YOUR SOLIN GENERATED RECIPE
Sweet Chili Glazed Salmon with Roasted Broccoli and Quinoa
Pan-seared salmon glazed in a zesty sweet chili sauce, served with nutty quinoa and florets of roasted broccoli for a satisfyingly crispy finish.
INGREDIENTS
6.5 oz Salmon Fillet
0.5 cup cooked Quinoa
1 cup Broccoli florets
2 tsp Sweet Chili Sauce
0.5 tsp Olive Oil
1 tsp Lime Juice
PREPARATION
Preheat your oven to 400°F and line a small baking sheet with parchment paper.
Toss the broccoli florets with olive oil and a pinch of salt, then spread them in a single layer on the baking sheet.
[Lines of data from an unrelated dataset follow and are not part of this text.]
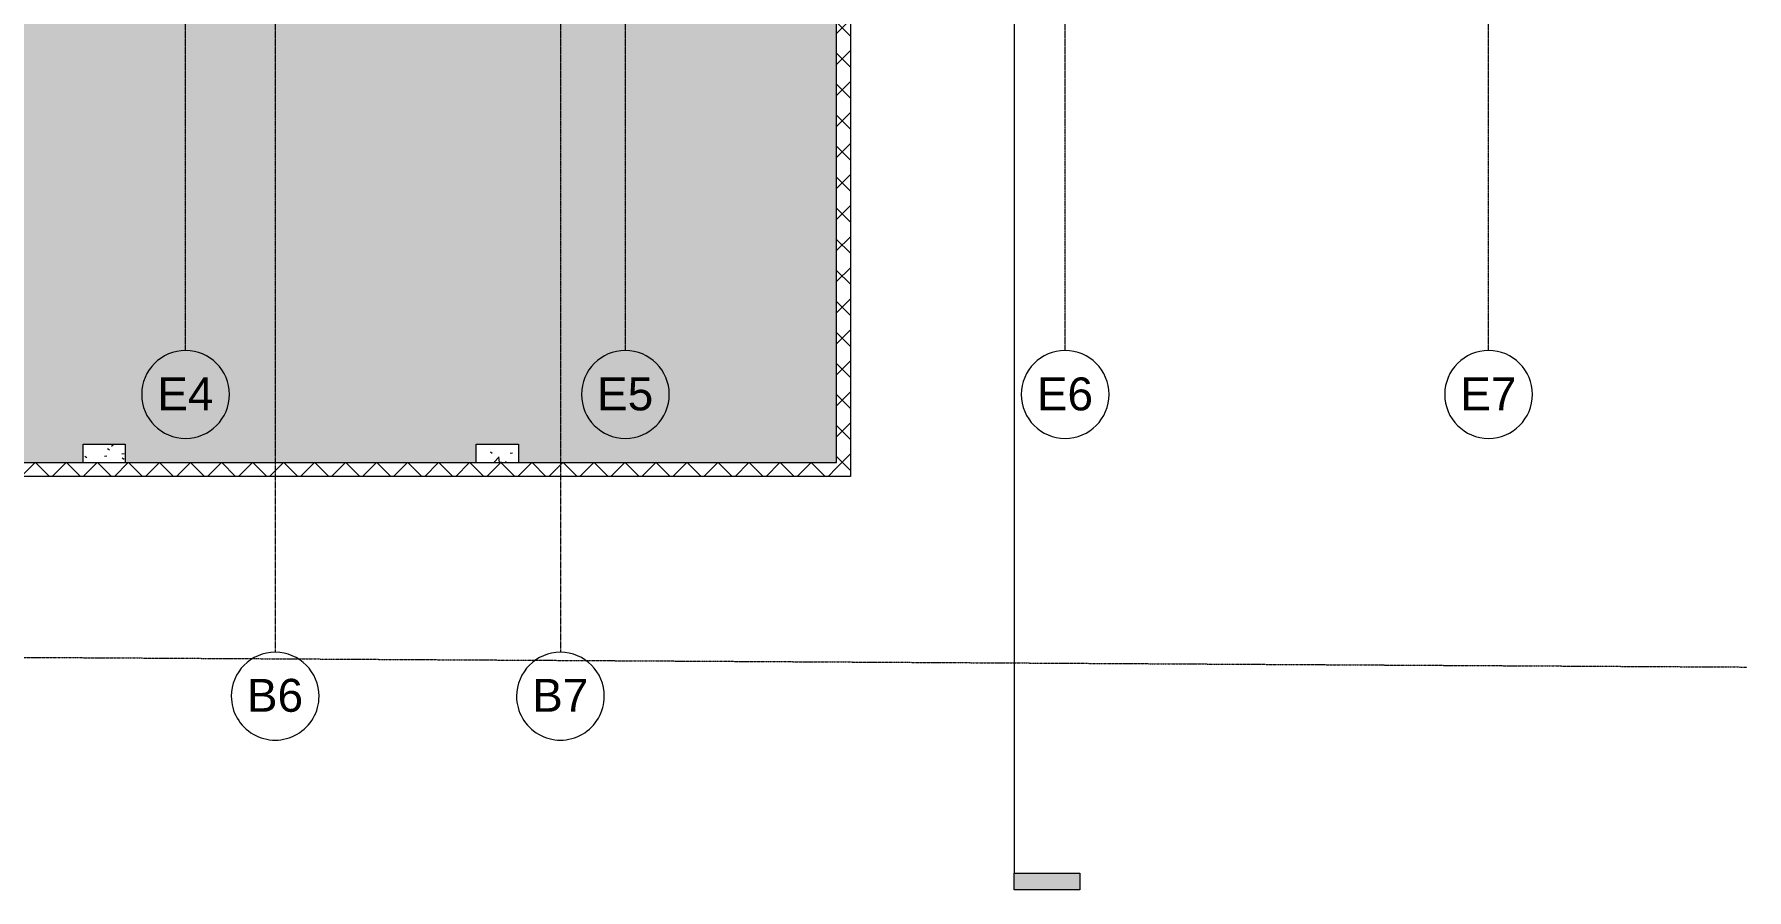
# Model space of a CAD drawing. Header units: inches. Extents: x -4182 to -1315, y 10161 to 12038.
# Drawn here: x -2385 to -1448, y 10161 to 10628 of the extents above; entities that cross this region are included whole.
import ezdxf

# ---------------------------------------------------------------- set-up
doc = ezdxf.new("R2010")
doc.units = ezdxf.units.IN
doc.header["$MEASUREMENT"] = 0
doc.linetypes.add('Double Dash 3_8_', pattern=[1, 0.375, -0.125, 0.125, -0.125, 0.125, -0.125])
doc.linetypes.add('Grid Line 1_2_', pattern=[0.875, 0.5, -0.125, 0.125, -0.125])
for name, color, linetype, lineweight in [('A-ROOF', 132, 'Continuous', 13), ('A-WALL', 113, 'Continuous', 13), ('A-WALL-PATT', 111, 'Continuous', 20), ('C-PROP-LINE', 91, 'Double Dash 3_8_', 9), ('G-ANNO-SYMB', 111, 'Continuous', 9), ('S-GRID', 1, 'Continuous', 9), ('S-GRID-IDEN', 1, 'Continuous', 9)]:
    doc.layers.add(name, color=color, linetype=linetype, lineweight=lineweight)
doc.styles.add('Arial', font='arial.ttf', dxfattribs={"height": 18})
pattern_1 = [(45, (0, 0), (-8.485281, 8.485281), []), (135, (0, 0), (-8.485281, -8.485281), [])]
pattern_2 = [(50, (0, 0), (27.5427, -2.40992), [2.88, -31.68]), (355, (0, 0), (-5.327844, 28.884266), [2.304, -25.344]), (100.451, (2.295, -0.2), (22.215316, 26.47393), [2.448, -26.924]), (46.184, (0, 7.68), (40.98187, -6.35642), [4.32, -47.52]), (96.636, (3.415, 7.15), (35.89075, 37.40619), [3.671, -40.386]), (351.184, (0, 7.68), (35.89097, 37.40622), [3.456, -38.016]), (21, (3.84, 5.76), (22.921036, -15.46073), [2.88, -31.68]), (326, (3.84, 5.76), (9.34353, 27.84574), [2.304, -25.344]), (71.451, (5.75, 4.472), (32.26477, 12.38442), [2.448, -26.924]), (37.5, (0, 0), (0.466855, 12.782707), [1.267, -23.77, 1.267, -24.461, -25.44]), (37.5, (0, 0), (0.466855, 12.782707), [-50.765, 1.267, -24.173]), (7.5, (0, 0), (10.10159, 15.14509), [1.267, -13.402, 1.267, -23.194, -9.696]), (7.5, (0, 0), (10.10159, 15.14509), [-39.13, 1.267, -8.429]), (327.5, (-8.563, 0), (20.499161, -0.86578), [1.267, -8.333, 1.267, -28.685, -39.744]), (327.5, (-8.563, 0), (20.499161, -0.86578), [-39.552, 1.267, -38.477]), (317.5, (-12.403, 0), (22.39478, 3.844288), [1.267, -11.213, 1.267, -18.624, -28.224]), (317.5, (-12.403, 0), (22.39478, 3.844288), [-32.371, 1.267, -26.957])]

# ---------------------------------------------------------------- blocks, each defined once
blk = doc.blocks.new('Family - ___-1442676-STRUCTURAL SCHEMATIC  - 1ST FLOOR')
at = {"layer": 'C-PROP-LINE'}
blk.add_line((-2969.59, 10291.07), (-1448.46, 10282.5), dxfattribs=at)
blk = doc.blocks.new('Grid - Grid Head - Circle-50561-STRUCTURAL SCHEMATIC  - 1ST FLOOR')
at = {"layer": 'S-GRID-IDEN'}
for start, end in [(360, 180), (180, 360)]:
    blk.add_arc((0, 0), 0.25, start, end, dxfattribs=at)
blk = doc.blocks.new('Section - 3_32_ x 3_8_-54337-STRUCTURAL SCHEMATIC  - 1ST FLOOR')
at = {"layer": 'G-ANNO-SYMB'}
blk.add_hatch(color=256, dxfattribs=at).paths.add_polyline_path([(0, 0.375), (0, 0), (-0.09375, 0), (-0.09375, 0.375)], flags=0)
for p, q in [((0, 0.375), (-0.09375, 0.375)), ((-0.09375, 0.375), (-0.09375, 0)), ((0, 0), (0, 0.375)), ((-0.09375, 0), (0, 0))]:
    blk.add_line(p, q, dxfattribs=at)

msp = doc.modelspace()

# ---------------------------------------------------------------- hatches: boundary and pattern name
at = {"layer": 'A-ROOF'}
h = msp.add_hatch(color=7, dxfattribs=at)
h.paths.add_polyline_path([(-3217.20325, 10386.77039), (-3208.82825, 10386.77039), (-3208.82825, 10639.02039), (-3217.20325, 10639.02039), (-3217.20325, 10394.39539)], flags=0)
h.paths.add_polyline_path([(-3042.20325, 10394.39539), (-3003.20325, 10394.39539), (-3003.20325, 10404.39539), (-2980.20325, 10404.39539), (-2980.20325, 10394.39539), (-2788.20325, 10394.39539), (-2788.20325, 10404.39539), (-2765.20325, 10404.39539), (-2765.20325, 10394.39539), (-2573.20325, 10394.39539), (-2573.20325, 10404.39539), (-2550.20325, 10404.39539), (-2550.20325, 10394.39539), (-2358.20325, 10394.39539), (-2358.20325, 10404.39539), (-2335.20325, 10404.39539), (-2335.20325, 10394.39539), (-2143.20325, 10394.39539), (-2143.20325, 10404.39539), (-2120.20325, 10404.39539), (-2120.20325, 10394.39539), (-1946.20325, 10394.39539), (-1946.20325, 10783.39539), (-3028.20325, 10783.39539), (-3028.20325, 10631.39539), (-3201.20325, 10631.39539), (-3201.20325, 10394.39539), (-3196.39701, 10394.39539)], flags=0)
h.paths.add_polyline_path([(-3040.20325, 10639.02039), (-3040.20325, 10800.39539), (-3042.20325, 10800.39539), (-3042.20325, 10639.02039)], flags=0)
at = {"layer": 'A-WALL-PATT', "lineweight": 9}
h = msp.add_hatch(dxfattribs=at)
h.set_pattern_fill('FP_1', style=0, pattern_type=2)
h.set_pattern_definition(pattern_1)
h.paths.add_polyline_path([(-1938.57825, 10386.77039), (-1938.57825, 10705.64539), (-1946.20325, 10705.64539), (-1946.20325, 10386.77039)], flags=0)
h.paths.add_polyline_path([(-1943.1585, 10751.64539), (-1938.57825, 10751.64539), (-1938.57825, 10793.98789), (-1939.73122, 10793.38277), (-1941.48673, 10792.95007), (-1943.29478, 10792.95007), (-1945.11143, 10793.41485), (-1946.20325, 10793.98789), (-1946.20325, 10751.64539)], flags=0)
h = msp.add_hatch(dxfattribs=at)
h.set_pattern_fill('FP_2', color=8, style=0, pattern_type=2)
h.set_pattern_definition(pattern_2)
h.paths.add_polyline_path([(-2335.20325, 10394.39539), (-2335.20325, 10404.39539), (-2358.20325, 10404.39539), (-2358.20325, 10394.39539)], flags=0)
h = msp.add_hatch(dxfattribs=at)
h.set_pattern_fill('FP_2', color=8, style=0, pattern_type=2)
h.set_pattern_definition(pattern_2)
h.paths.add_polyline_path([(-2120.20325, 10394.39539), (-2120.20325, 10404.39539), (-2143.20325, 10404.39539), (-2143.20325, 10394.39539)], flags=0)
h = msp.add_hatch(dxfattribs=at)
h.set_pattern_fill('FP_1', style=0, pattern_type=2)
h.set_pattern_definition(pattern_1)
h.paths.add_polyline_path([(-3201.20325, 10386.77039), (-1946.20325, 10386.77039), (-1946.20325, 10394.39539), (-3201.20325, 10394.39539)], flags=0)

# ---------------------------------------------------------------- linework, layer by layer
at = {"layer": 'A-WALL', "lineweight": 9}
for p, q in [((-1946.20325, 10394.39539), (-1946.20325, 10793.98789)), ((-1938.57825, 10793.98789), (-1938.57825, 10386.77039)), ((-2358.20325, 10394.39539), (-2358.20325, 10404.39539)), ((-2358.20325, 10404.39539), (-2335.20325, 10404.39539)), ((-2335.20325, 10404.39539), (-2335.20325, 10394.39539)), ((-2143.20325, 10394.39539), (-2143.20325, 10404.39539)), ((-2143.20325, 10404.39539), (-2120.20325, 10404.39539)), ((-2120.20325, 10404.39539), (-2120.20325, 10394.39539)), ((-1938.57825, 10386.77039), (-3208.82825, 10386.77039)), ((-3201.20325, 10394.39539), (-1946.20325, 10394.39539))]:
    msp.add_line(p, q, dxfattribs=at)
at = {"layer": 'G-ANNO-SYMB'}
msp.add_line((-1849.07964, 11973.9911), (-1849.07964, 10169.73382), dxfattribs=at)
at = {"layer": 'S-GRID', "linetype": 'Grid Line 1_2_'}
for p, q in [((-2302.20325, 10455.54858), (-2302.20325, 11925.46391)), ((-2061.70325, 10455.54858), (-2061.70325, 11925.46391)), ((-1821.20325, 10455.54858), (-1821.20325, 11925.46391)), ((-1589.64075, 10455.54858), (-1589.64075, 11925.46391)), ((-2253.20325, 10889.35479), (-2253.20325, 10290.55287)), ((-2097.20325, 10889.35479), (-2097.20325, 10290.55287))]:
    msp.add_line(p, q, dxfattribs=at)

# ---------------------------------------------------------------- block references
at = {"layer": 'C-PROP-LINE'}
msp.add_blockref('Family - ___-1442676-STRUCTURAL SCHEMATIC  - 1ST FLOOR', (0, 0), dxfattribs=at)
at = {"layer": 'G-ANNO-SYMB', "extrusion": (0, 0, -1), "xscale": 95.99999999999994, "yscale": 95.99999999999994, "zscale": 95.99999999999994, "rotation": 90.0000000000006}
msp.add_blockref('Section - 3_32_ x 3_8_-54337-STRUCTURAL SCHEMATIC  - 1ST FLOOR', (1849.07964, 10169.73382), dxfattribs=at)
at = {"layer": 'S-GRID-IDEN', "xscale": 95.99999999999994, "yscale": 95.99999999999994, "zscale": 95.99999999999994}
for p in [(-2302.20325, 10431.54858), (-2061.70325, 10431.54858), (-1821.20325, 10431.54858), (-1589.64075, 10431.54858)]:
    msp.add_blockref('Grid - Grid Head - Circle-50561-STRUCTURAL SCHEMATIC  - 1ST FLOOR', p, dxfattribs=at)
at = {"layer": 'S-GRID-IDEN', "xscale": 95.99999999999994, "yscale": 95.99999999999994, "zscale": 95.99999999999994, "rotation": 180}
for p in [(-2253.20325, 10266.55287), (-2097.20325, 10266.55287)]:
    msp.add_blockref('Grid - Grid Head - Circle-50561-STRUCTURAL SCHEMATIC  - 1ST FLOOR', p, dxfattribs=at)

# ---------------------------------------------------------------- texts
at = {"layer": 'S-GRID-IDEN', "char_height": 18, "width": 37.269, "attachment_point": 1, "style": 'Arial'}
for s, insert in [('E4', (-2317.70393, 10440.83651)), ('E5', (-2077.20393, 10440.83651)), ('E6', (-1836.70393, 10440.83651)), ('E7', (-1605.14143, 10440.83651)), ('B6', (-2268.6947, 10276.03579)), ('B7', (-2112.6947, 10276.03579))]:
    msp.add_mtext(s, dxfattribs=dict(at, insert=insert))

doc.saveas('drawing.dxf')

Roast the broccoli for 15-18 minutes until the edges are charred and crispy.
While the broccoli roasts, heat a non-stick skillet over medium-high heat.
Season the salmon with salt and pepper, then sear for 4-5 minutes on the first side.
Flip the salmon and brush the top with the sweet chili sauce and lime juice.
Reduce heat to medium and cook for another 3-4 minutes until the salmon is cooked through and the glaze is tacky.
Fluff the pre-cooked quinoa and serve it alongside the glazed salmon and roasted broccoli.